- The Washington Times - Thursday, August 4, 2011

Verizon Communications Inc., the region’s top telephone service provider, is facing a 12:01 a.m. Sunday strike deadline, at which time 45,000 union employees in nine states, including Maryland and Virginia, as well as the District, may walk off their jobs.

On Thursday, negotiations appeared to be heading down to that deadline, with neither side expressing great optimism. The last time Verizon’s workforce struck the firm was in 2000, when members of the Communications Workers of America (CWA) and the International Brotherhood of Electrical Workers (IBEW) walked off the job for 18 days.

“The parties are still very far apart,” IBEW media director Jim Spellane told The Washington Times. “Verizon came in with a very draconian set of proposals to cut back [working] conditions, to take it back decades, basically. Our members are obviously resisting that.

“A strike is a drastic action, and it’s a hardship on everybody,” he added, but “it is a possibility.”

Candice Johnson, communications director for the CWA, said that while that union’s “workers want a contract,” Verizon “has made a number of unreasonable demands, especially for a company that has been quite profitable, [having] made $20 billion in profits the last four years.”

Verizon spokesman Richard J. Young, speaking from Philadelphia, where talks are being held, said the firm is “negotiating in good faith, and we hope to reach final agreement that balances the needs of all parties.”

However, he said, the “economy is in a difficult period, and our wireline business has its own set of challenges,” referring to the firm’s traditional telephone business, where customers are connected via a line that comes into the home. That is where the CWA and IBEW members work, and that business has, Mr. Young said, “been declining for past 10 years as consumers use alternative technologies, including wireless and cable telephony.”

Mr.

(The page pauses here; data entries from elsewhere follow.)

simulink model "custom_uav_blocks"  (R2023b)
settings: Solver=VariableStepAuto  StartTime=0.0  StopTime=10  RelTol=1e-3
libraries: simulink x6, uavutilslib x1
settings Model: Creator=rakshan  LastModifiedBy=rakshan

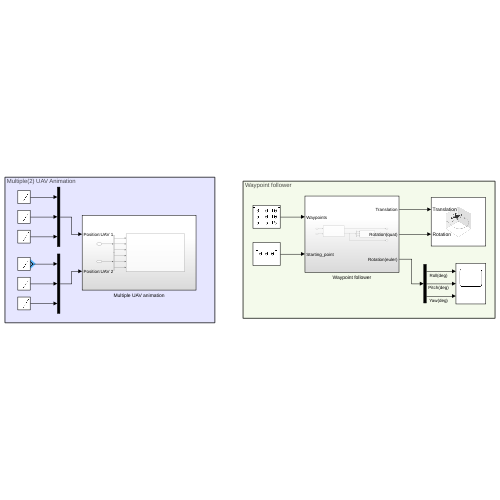
[thumbnail: Simulink's stored preview of the top-level diagram]
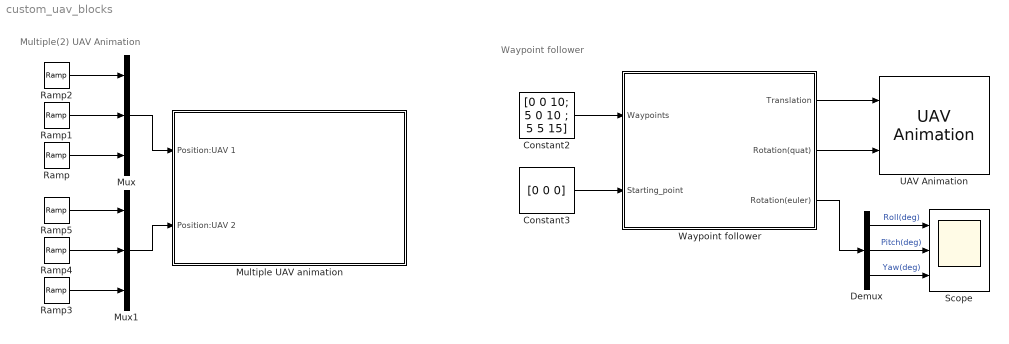
== system custom_uav_blocks ==
  note: Waypoint follower
  note: Multiple(2) UAV Animation
  Constant2 : Constant  Value=[0 0 10; 5 0 10 ; 5 5 15]
  Constant3 : Constant  Value=[0 0 0]  VectorParams1D=off
  Demux : Demux  Outputs=3
  Multiple UAV animation : Subsystem
  Mux : Mux  Inputs=3
  Mux1 : Mux  Inputs=3
  Ramp{,1..4} (5 alike) : simulink/Sources/Ramp  slope=1  start=0  InitialOutput=0
  Ramp5 : simulink/Sources/Ramp  slope=-1  start=0  InitialOutput=0
  Scope : Scope  NumInputPorts=3
  UAV Animation : uavutilslib/UAV Animation  UAVType=Multirotor  UAVSize=4  InertialZDirection=Up  SampleTime=-1
  Waypoint follower : Subsystem
  wires:
  Constant2/1 -> Waypoint follower/1(Waypoints)
  Constant3/1 -> Waypoint follower/2(Starting_point)
  Waypoint follower/1(Translation) -> UAV Animation/1
  Waypoint follower/2(Rotation(quat)) -> UAV Animation/2
  Demux/1 -> Scope/1  "Roll(deg)"
  Demux/2 -> Scope/2  "Pitch(deg)"
  Demux/3 -> Scope/3  "Yaw(deg)"
  Waypoint follower/3(Rotation(euler)) -> Demux/1
  Ramp1/1 -> Mux/2
  Ramp2/1 -> Mux/1
  Ramp/1 -> Mux/3
  Mux/1 -> Multiple UAV animation/1(Position:UAV 1)
  Ramp3/1 -> Mux1/3
  Ramp5/1 -> Mux1/1
  Ramp4/1 -> Mux1/2
  Mux1/1 -> Multiple UAV animation/2(Position:UAV 2)

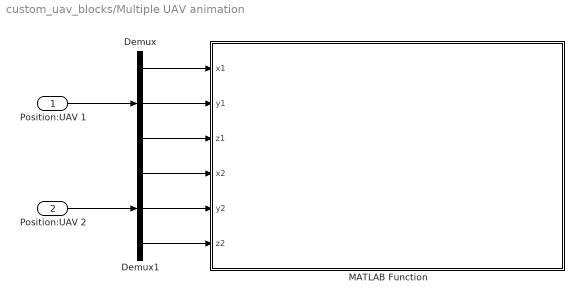
== system custom_uav_blocks/Multiple UAV animation ==
  Position:UAV 1 : Inport
  Position:UAV 2 : Inport  Port=2
  Demux : Demux  Outputs=3
  Demux1 : Demux  Outputs=3
  MATLAB Function : MATLAB Function  TreatAsAtomicUnit=on
  wires:
  Demux/1 -> MATLAB Function/1(x1)
  Demux/2 -> MATLAB Function/2(y1)
  Demux/3 -> MATLAB Function/3(z1)
  Demux1/1 -> MATLAB Function/4(x2)
  Demux1/2 -> MATLAB Function/5(y2)
  Demux1/3 -> MATLAB Function/6(z2)
  Position:UAV 2/1 -> Demux1/1
  Position:UAV 1/1 -> Demux/1

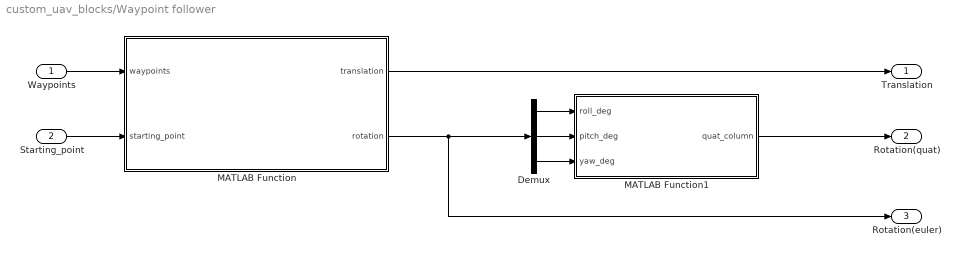
== system custom_uav_blocks/Waypoint follower ==
  Waypoints : Inport
  Starting_point : Inport  Port=2
  Demux : Demux  Outputs=3
  MATLAB Function : MATLAB Function  TreatAsAtomicUnit=on
  MATLAB Function1 : MATLAB Function  TreatAsAtomicUnit=on
  Translation : Outport
  Rotation(quat) : Outport  Port=2
  Rotation(euler) : Outport  Port=3
  wires:
  Demux/1 -> MATLAB Function1/1(roll_deg)
  Demux/3 -> MATLAB Function1/3(yaw_deg)
  Demux/2 -> MATLAB Function1/2(pitch_deg)
  MATLAB Function1/1(quat_column) -> Rotation(quat)/1
  MATLAB Function/2(rotation) -> Rotation(euler)/1, Demux/1
  Waypoints/1 -> MATLAB Function/1(waypoints)
  Starting_point/1 -> MATLAB Function/2(starting_point)
  MATLAB Function/1(translation) -> Translation/1

== matlab function custom_uav_blocks/Waypoint follower/MATLAB Function ==
  data: waypoints input; translation output; rotation output; starting_point input
function [translation, rotation] = interpolateWaypointsSimulink(waypoints,starting_point)
    persistent current_waypoint;
    persistent current_index;
    time_step = 0.4;
   
    waypoints = [starting_point;waypoints]
    % Initialize persistent variables on first call
    if isempty(current_waypoint)
        current_waypoint = waypoints(1,:);
        current_index = 1;
    end
    
    % Initialize outputs
    translation = zeros(1, 3);
    rotation = zeros(1, 3); % Euler angles: [yaw, pitch, roll]
    
    % Check if reached last waypoint
    if current_index == size(waypoints, 1)
        translation = waypoints(end, :);
        rotation = [0 0 0]; % No rotation (identity)
    else
        % Interpolate translation
        translation = current_waypoint;
        next_waypoint = waypoints(current_index + 1, :);
        current_waypoint = current_waypoint + (next_waypoint - current_waypoint) * time_step;
        
        % Calculate direction vector
        direction_vector = next_waypoint - current_waypoint;
        direction_vector = direction_vector / norm(direction_vector); % Normalize
        
        % Calculate rotation angles (Euler angles)
        yaw = atan2(direction_vector(2), direction_vector(1));
        pitch = asin(direction_vector(3));
        roll = 0; % Assuming no roll motion
        
        % Update rotation
        rotation = [yaw pitch roll];
        
        % Check if reached next waypoint
        if norm(current_waypoint - next_waypoint) < 0.01
            current_index = current_index + 1;
        end
    end
end

== matlab function custom_uav_blocks/Waypoint follower/MATLAB Function1 ==
  data: roll_deg input; quat_column output; pitch_deg input; yaw_deg input
function quat_column = eulerToQuat(roll_deg, pitch_deg, yaw_deg)
    % Convert Euler angles to radians
    roll_rad = deg2rad(roll_deg);
    pitch_rad = deg2rad(pitch_deg);
    yaw_rad = deg2rad(yaw_deg);

    % Calculate half angles
    roll_half = roll_rad / 2;
    pitch_half = pitch_rad / 2;
    yaw_half = yaw_rad / 2;

    % Calculate trigonometric functions
    roll_sin = sin(roll_half);
    roll_cos = cos(roll_half);
    pitch_sin = sin(pitch_half);
    pitch_cos = cos(pitch_half);
    yaw_sin = sin(yaw_half);
    yaw_cos = cos(yaw_half);

    % Calculate quaternion components
    q0 = roll_cos * pitch_cos * yaw_cos + roll_sin * pitch_sin * yaw_sin;
    q1 = roll_sin * pitch_cos * yaw_cos - roll_cos * pitch_sin * yaw_sin;
    q2 = roll_cos * pitch_sin * yaw_cos + roll_sin * pitch_cos * yaw_sin;
    q3 = roll_cos * pitch_cos * yaw_sin - roll_sin * pitch_sin * yaw_cos;

    % Format the quaternion as a column vector
    quat_column = [q0; q1; q2; q3];
end

== matlab function custom_uav_blocks/Multiple UAV animation/MATLAB Function ==
  data: x1 input; y1 input; z1 input; x2 input; y2 input; z2 input
% uav_animation.m
function uav_animation(x1, y1, z1, x2, y2, z2)
    persistent traj_x1 traj_y1 traj_z1 traj_x2 traj_y2 traj_z2;
    
    % Initialize the figure
    figure(1);
    clf;
    hold on;
    axis equal;
    grid on;
    xlabel('X');
    ylabel('Y');
    zlabel('Z');
    legend;
    
    % Define a simple UAV shape (e.g., a cuboid)
    [x, y, z] = create_uav_shape();
    
    % Append current positions to the trajectory arrays
    if isempty(traj_x1)
        traj_x1 = x1;
        traj_y1 = y1;
        traj_z1 = z1;
        traj_x2 = x2;
        traj_y2 = y2;
        traj_z2 = z2;
    else
        traj_x1 = [traj_x1 x1];
        traj_y1 = [traj_y1 y1];
        traj_z1 = [traj_z1 z1];
        traj_x2 = [traj_x2 x2];
        traj_y2 = [traj_y2 y2];
        traj_z2 = [traj_z2 z2];
    end

    % Plot UAV1
    surf(x + x1, y + y1, z + z1, 'FaceColor', 'r', 'EdgeColor', 'none','DisplayName',"UAV 1");
    
    % Plot UAV2
    surf(x + x2, y + y2, z + z2, 'FaceColor', 'b', 'EdgeColor', 'none',"DisplayName","UAV 2");

    % Plot trajectory for UAV1
    plot3(traj_x1, traj_y1, traj_z1, '--r', 'LineWidth', 1, 'DisplayName', 'Trajectory: UAV 1');
    
    % Plot trajectory for UAV2
    plot3(traj_x2, traj_y2, traj_z2, '--b', 'LineWidth', 1, 'DisplayName', 'Trajectory: UAV 2');
    
    view(3); % Set the view to 3D
    drawnow;
end

function [x, y, z] = create_uav_shape()
    % Create a simple cuboid shape for the UAV
    [x, y, z] = ndgrid([-0.5, 0.5], [-0.5, 0.5], [-0.1, 0.1]);
    
    % Convert to surface coordinates
    x = reshape(x, [2, 2, 2]);
    y = reshape(y, [2, 2, 2]);
    z = reshape(z, [2, 2, 2]);

    % Create the faces of the cuboid
    x = [x(:, :, 1); x(:, :, 2)];
    y = [y(:, :, 1); y(:, :, 2)];
    z = [z(:, :, 1); z(:, :, 2)];
end

Young asserted that customers are ditching traditional wireline service in favor of wireless cellphones and cable — as well as Internet-based telephony services, such as Vonage and McLean-based Primus Communications. He said the firm is “operating under a cost structure that was set in place several decades ago. Some of the work rules are out of touch with today’s marketplace.”

Verizon, Mr. Young said, needs “to make the wirelines business more competitive.”

“One way is to alleviate some of these costs,” he said.

The firm’s request that unionized workers make a “contribution” towards health care premiums is a sticking point, however.

On the company’s side, Mr. Young said, nonunion employees of Verizon currently pay part of their health insurance premiums, while, in total, the firm “spends more than $4 billion annually on health care, or $400,000 an hour for our employees.”

While declining to discuss specific plans, Mr. Young said the union had been given “several proposals with as little as $100 a month” being requested.

The CWA’s Ms. Johnson asserts the firm’s “health care proposal would cost [union] families another $6,000 a year.”

“From a profitable company such as Verizon, it doesn’t make sense,” she said.

On July 22, Verizon reported 57 cents in earnings per share for the quarter of 2011, versus “a second-quarter 2010 loss of 42 cents per share.”

According to a Verizon news release announcing the results, the company’s top executive was pleased with the financial outcome.

“In terms of earnings growth and the acceleration of revenue growth, this has been one of Verizon’s best quarters since the 2008 economic downturn,” said Ivan Seidenberg, Verizon’s chairman, who gave up his CEO post on Aug. 1 in a pre-retirement move. “We expanded sequential margins in both our wireline and wireless businesses, and in the second half of the year, we expect Verizon to build on this strong, positive momentum to continue to drive profitable, sustainable growth,”

Mr. Seidenberg was quoted as saying, “We remain focused on our cost structure, as we deliver improvements in wireline margins quarter after quarter.”

On Aug. 1, Lowell C. McAdam, a licensed professional engineer who has spent the majority of his 28 year in telecommunications working for Verizon or its predecessor ventures, became president and CEO, succeeding Mr. Seidenberg in the latter role.

Should a strike happen, Mr. Young said, the firm is prepared: “Tens of thousands of [Verizon] managers and other personnel have been trained to perform emergency assignments,” he said, claiming these people would handle “network repair, customer service, [and] billing. We’re confident we can maintain our systems.”

Ms. Johnson, the CWA spokeswoman, said the goal is to keep union jobs in the U.S.: “These are good jobs. Our members have made Verizon the successful company that it is.”